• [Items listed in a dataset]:
---
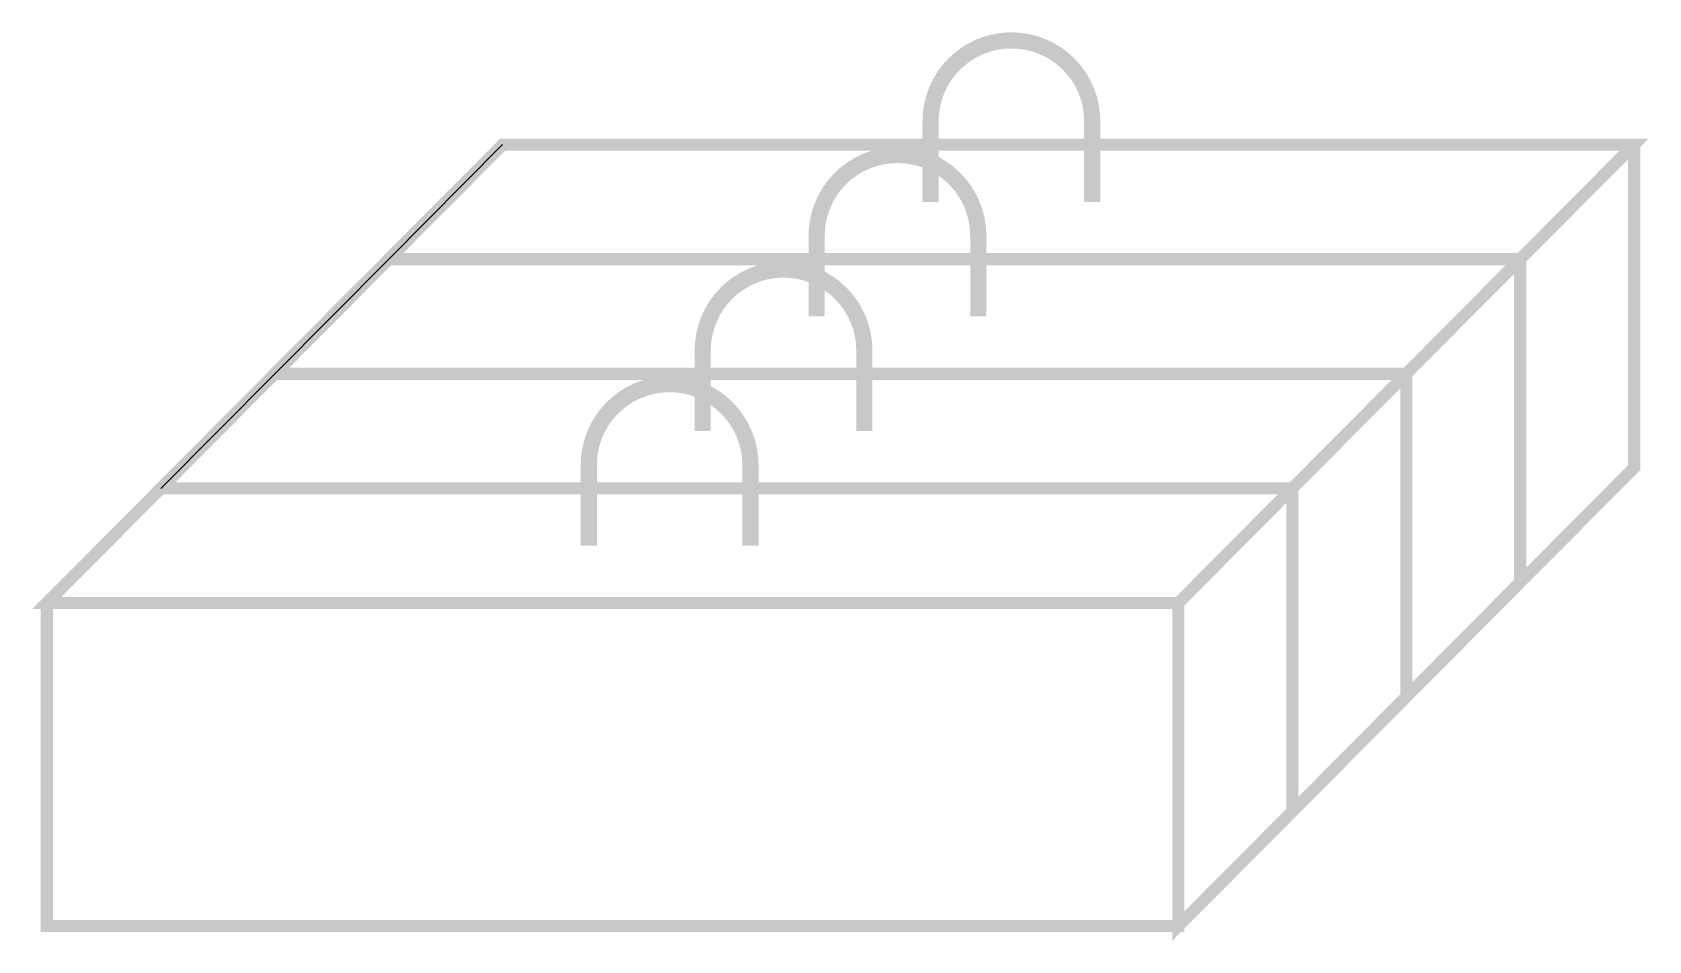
# Model space of a CAD drawing. Header units: millimetres. Extents: x -300689 to 10556, y -104928 to 107291.
# Drawn here: x -15142 to -14342, y 29782 to 30232 of the extents above; entities that cross this region are included whole.
import ezdxf

# ---------------------------------------------------------------- set-up
doc = ezdxf.new("R2010")
doc.units = ezdxf.units.MM
doc.layers.add('линии', color=7, linetype='Continuous')

msp = doc.modelspace()

# ---------------------------------------------------------------- linework, layer by layer
at = {"linetype": 'ByBlock', "ltscale": 0.25, "const_width": 6}
for points in [[(-14405.3129, 29959.8609), (-14405.3129, 30119.8609), (-14965.3129, 30119.8609), (-14908.9263, 30176.6107), (-14348.9263, 30176.6107), (-14405.3129, 30119.8609), (-14405.3129, 29959.8609), (-14348.9263, 30016.6107), (-14348.9263, 30176.6107)], [(-14461.6995, 29903.111), (-14461.6995, 30063.111), (-15021.6995, 30063.111), (-14965.3129, 30119.8609), (-14405.3129, 30119.8609), (-14461.6995, 30063.111), (-14461.6995, 29903.111), (-14405.3129, 29959.8609), (-14405.3129, 30119.8609)], [(-14518.0862, 29846.3611), (-14518.0862, 30006.3611), (-15078.0862, 30006.3611), (-15021.6995, 30063.111), (-14461.6995, 30063.111), (-14518.0862, 30006.3611), (-14518.0862, 29846.3611), (-14461.6995, 29903.111), (-14461.6995, 30063.111)], [(-15078.0862, 30006.3611), (-15134.4728, 29949.6113), (-15134.4728, 29789.6113), (-14574.4728, 29789.6113), (-14574.4728, 29949.6113), (-15134.4728, 29949.6113), (-15078.0862, 30006.3611), (-14518.0862, 30006.3611), (-14574.4728, 29949.6113), (-14574.4728, 29789.6113), (-14518.0862, 29846.3611), (-14518.0862, 30006.3611)]]:
    msp.add_lwpolyline(points, dxfattribs=at)
at = {"layer": 'линии', "linetype": 'ByBlock', "ltscale": 0.25, "const_width": 8}
for points in [[(-14617.1196, 30148.2358), (-14617.1196, 30188.2358, 1), (-14697.1196, 30188.2358), (-14697.1196, 30148.2358)], [(-14673.5062, 30091.4859), (-14673.5062, 30131.4859, 1), (-14753.5062, 30131.4859), (-14753.5062, 30091.4859)], [(-14729.8928, 30034.7361), (-14729.8928, 30074.7361, 1), (-14809.8928, 30074.7361), (-14809.8928, 30034.7361)], [(-14786.2795, 29977.9862), (-14786.2795, 30017.9862, 1), (-14866.2795, 30017.9862), (-14866.2795, 29977.9862)]]:
    msp.add_lwpolyline(points, format="xyb", dxfattribs=at)
at = {"layer": 'линии', "linetype": 'ByBlock', "ltscale": 0.25}
for points in [[(-14908.9263, 30176.6107), (-14965.3129, 30119.8609)], [(-14965.3129, 30119.8609), (-15021.6995, 30063.111)], [(-15021.6995, 30063.111), (-15078.0862, 30006.3611)]]:
    msp.add_lwpolyline(points, dxfattribs=at)

doc.saveas('drawing.dxf')
---
• [Problem to solve]:
Your answer should be the lines of the records that include the word "ByBlock".

• [Reply to the exercise]:
at = {"linetype": 'ByBlock', "ltscale": 0.25, "const_width": 6}
at = {"layer": 'линии', "linetype": 'ByBlock', "ltscale": 0.25, "const_width": 8}
at = {"layer": 'линии', "linetype": 'ByBlock', "ltscale": 0.25}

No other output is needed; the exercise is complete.